Spectral figure

To engage this spectral figure will require us to open ourselves to the effects of certain traits which I want to gather together under one word. And that word – whose introduction here will no doubt be troublesome to many – is “magic.” Something on the order of magic – unreal, phantasmic, hallucinatory, perhaps even diabolical – is released in these works. (As I see it, the term “magic” would ultimately refer to any psychic operation that would appear to reduce or eliminate the distinction between, for example, an ego and an other. Such an operation would, in effect, fall outside of any order of representation; it would, in a word, be unrepresentable.

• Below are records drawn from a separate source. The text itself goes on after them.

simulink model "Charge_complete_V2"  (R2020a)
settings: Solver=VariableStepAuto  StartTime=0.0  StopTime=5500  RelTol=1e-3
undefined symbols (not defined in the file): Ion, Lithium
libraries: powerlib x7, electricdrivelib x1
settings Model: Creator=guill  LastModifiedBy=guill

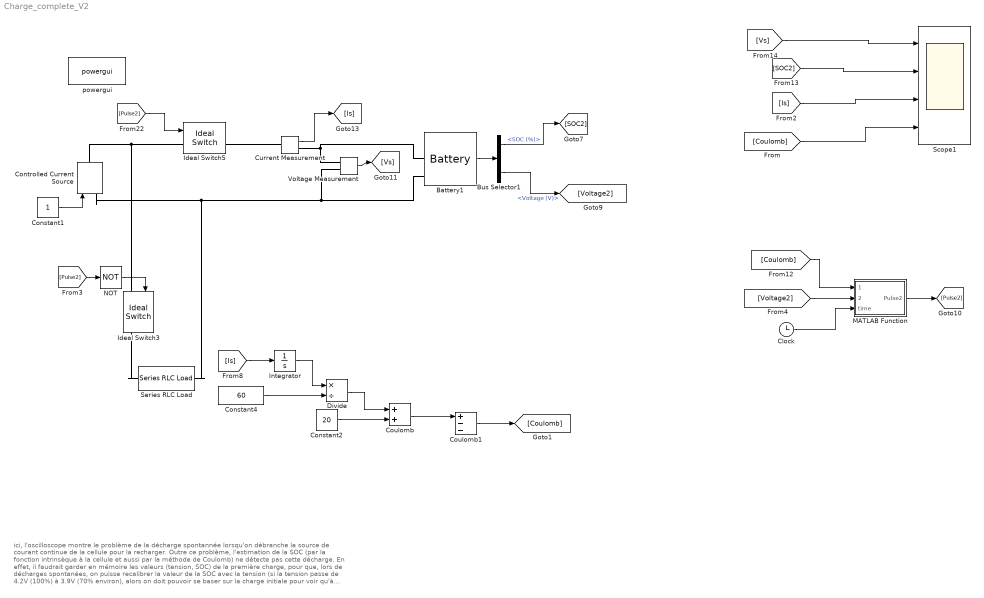
== system Charge_complete_V2 ==
  note: ici, l'oscilloscope montre le problème de la décharge spontannée lorsqu'on débranche la source de courant continue de la cellule pour la recharger. Outre ce problème, l'estimation de la SOC (par la fonction intrinsèque à la cellule et aussi par la méthode de Coulomb) ne détecte pas cette décharge.
      | En effet, il faudrait garder en mémoire les valeurs (tension, SOC) de la première charge, pour que, lors de décharges spontanées, on puisse recalibrer la valeur de la SOC avec la tension (si la tension passe de 4.2V (100%) à 3.9V (70% environ), alors on doit pouvoir se baser sur la charge initiale pour voir qu'à 3.9V, SOC=70%)
  Battery1 : electricdrivelib/Extra Sources/Battery  BatType=Lithium-Ion  ShowTempParam=on  ThermalPreset="3.6V  2.0Ah"  ShowAgeParam=off  NomV=3.5  NomQ=2  SOC=35  Batt_Tr=30  PresetModel=off  MaxQ=2.05  MinV=2.625  FullV=4.1  Dis_rate=0.4  R=0.017  Normal_OP=1.8087  expZone="[3.88         0.2]"  current=[6.5 13 32.5]  Units=Time  Tci=20  NomT=115  T2=0  MaxQ2=1.65  FullV2=4  Normal_OP2=3.25  expZone2="[3.8         0.2]"  Rca=0.06  ti=1000  Dp=0  Neq0=0  Tsim=1e6  Ta1=25  Qeol=5.4*0.9  Reol=0.013333*1.2  Char_age=[2.3478, 3]  Dis_age=[2.3478, 10]  N1=1500  N2=10500  N3=1000  N4=1400  Ta2=45  N5=950
  Bus Selector1 : BusSelector  OutputSignals=SOC (%),Current (A),Voltage (V)
  Clock : Clock
  Constant1 : Constant
  Constant2 : Constant  Value=20
  Constant4 : Constant  Value=60
  Controlled Current Source : powerlib/Electrical Sources/Controlled Current Source  Initialize=on  Source_Type=AC  Amplitude=0  Phase=0  Frequency=0  Measurements=None
  Coulomb : Sum
  Coulomb1 : Sum  Inputs=+--
  Current Measurement : powerlib/Measurements/Current Measurement  PhasorSimulation=off  OutputType=Complex  PSBequivalent=0
  Divide : Product  Inputs=*/
  Ideal Switch3 : powerlib/Power Electronics/Ideal Switch  Ron=0.001  Lon=0  IC=0  Rs=1e5  Cs=inf  Measurements=on
  Ideal Switch5 : powerlib/Power Electronics/Ideal Switch  Ron=0.001  Lon=0  IC=0  Rs=1e5  Cs=inf  Measurements=on
  Integrator : Integrator
  MATLAB Function : MATLAB Function  TreatAsAtomicUnit=on
  NOT : Logic  Operator=NOT  IconShape=distinctive  AllPortsSameDT=off  OutDataTypeStr=boolean
  Scope1 : Scope  NumInputPorts=4
  Series RLC Load : powerlib/Elements/Series RLC Load  LConnTagsString=a  RConnTagsString=__new0  NominalVoltage=10  NominalFrequency=60  ActivePower=1000  InductivePower=0  CapacitivePower=0  Setx0=off  InitialVoltage=0  SetiL0=off  InitialCurrent=0  Measurements=None  LoadType=constant Z
  Voltage Measurement : powerlib/Measurements/Voltage Measurement  PhasorSimulation=off  OutputType=Complex  PSBequivalent=0
  powergui : powerlib/powergui  Priority=1  SimulationMode=Continuous  SampleTime=50e-2  frequency=60  Iterations=50  frequencyindice=0  Pbase=100e6  ErrMax=1e-4  UnitsV=kV  UnitsW=MW  buscounter=0  FunctionMessages=off  echomessages=off  EnableUseOfTLC=off  CurrentSourceSwitches=off  DisableSnubberDevices=off  DisableRonSwitches=off  DisableVfSwitches=off  DisplayEquations=off  AutomaticDiscreteSolvers=off  SolverType=Tustin/Backward Euler (TBE)  Interpol=off  ExternalGateDelay=off  methode=off  Ts=100  x0status=blocks  SPID=on  SwTol=0  HookPort=off  NonlinearTolerance=1e-4  nMaxIteration=100  ContinueOnMaxIteration=off  RestoreLinks=warning  ResistiveCurrentMeasurement=off  Frange=[0:2:500]  Ylog=off  Xlog=on  ShowGrid=off  save=off  variable=ZData  structure=0  ZoomFFT=off  StartTime=0.0  cycles=1  DisplayStyle=1  fundamental=60  FreqAxis=off  MaxFrequency=1000  frequencyindicesteady=1  RmsSteady=1  display=off
  wires:
  [Is] -> Scope1/3
  Coulomb/1 -> Coulomb1/1
  Constant2/1 -> Coulomb/2
  [Pulse2] -> Ideal Switch5/1
  Bus Selector1/1 -> [SOC2]  "<SOC (%)>"
  Integrator/1 -> Divide/1
  Divide/1 -> Coulomb/1
  [SOC2] -> Scope1/2
  Constant1/1 -> Controlled Current Source/1
  NOT/1 -> Ideal Switch3/1
  Battery1/1 -> Bus Selector1/1
  Current Measurement/1 -> [Is]
  Bus Selector1/3 -> [Voltage2]  "<Voltage (V)>"
  [Pulse2] -> NOT/1
  [Coulomb] -> Scope1/4
  Constant4/1 -> Divide/2
  [Vs] -> Scope1/1
  Voltage Measurement/1 -> [Vs]
  [Is] -> Integrator/1
  Coulomb1/1 -> [Coulomb]
  MATLAB Function/1(Pulse2) -> [Pulse2]
  [Coulomb] -> MATLAB Function/1(Coulomb)
  [Voltage2] -> MATLAB Function/2(Voltage2)
  Clock/1 -> MATLAB Function/3(time)
  connections:
  Controlled Current Source/RConn1 -- Ideal Switch5/LConn1 -- Ideal Switch3/LConn1
  Controlled Current Source/LConn1 -- Battery1/LConn2 -- Voltage Measurement/LConn2 -- Series RLC Load/RConn1
  Current Measurement/RConn1 -- Battery1/LConn1 -- Voltage Measurement/LConn1
  Series RLC Load/LConn1 -- Ideal Switch3/RConn1
  Ideal Switch5/RConn1 -- Current Measurement/LConn1

== matlab function Charge_complete_V2/MATLAB Function ==
  data: Coulomb input; Pulse2 output; Voltage2 input; time input
function Pulse2 = fcn(Coulomb, Voltage2, time)
temps=[];
tension=[];
coulomb=[];
if Coulomb>100
    Pulse2=0;
else
    Pulse2=1;
end
%while Coulomb<100
  %  temps=[temps time];
   % coulomb=[coulomb Coulomb];
    %tension=[tension Voltage2];
%end
end

I realize that such an operation, if pursued, may require that we rethink certain principles fundamental to psychoanalysis, to our understanding of the subject in general.) Consequences notwithstanding, I must insist on employing the word if only because, in reconsidering the effects produced by Graham’s set-ups, I now better understand the significance of a remark made seventeen years ago by a professor of mine. Commenting on my work – an installation of mirrors titled Loci – he offered only this on-the-spot assessment: “It’s magic.” Without doubt, this judgment – “it’s magic” – left its mark, becoming for me, in time, something of a leitmotif. So, tonight, the word magic – think of it as a password or passkey – will, I trust, assist us in going a little further into these excessive and most redundant devices. Given my predilection, my fancy for the word, for all that overflows and exceeds the phenomenality of its sense, I will say that an event like Present Continuous Past(s) “presents” nothing less than an extravagant set of surface effects, a generalized simulacrum of presentation on which all movement, all transaction – yours and mine – are inscribed. You and I are, thus, one of its effects, an inscribed function if you like, part of the machinery of a complex sleight of hand production that is capable of proceeding – quite miraculously I assure you – without us. These events, if we can still call them events, repeat themselves. As soon as they are up and running, they divide and multiply themselves. They auto-partition themselves – and, at once, discount themselves as events.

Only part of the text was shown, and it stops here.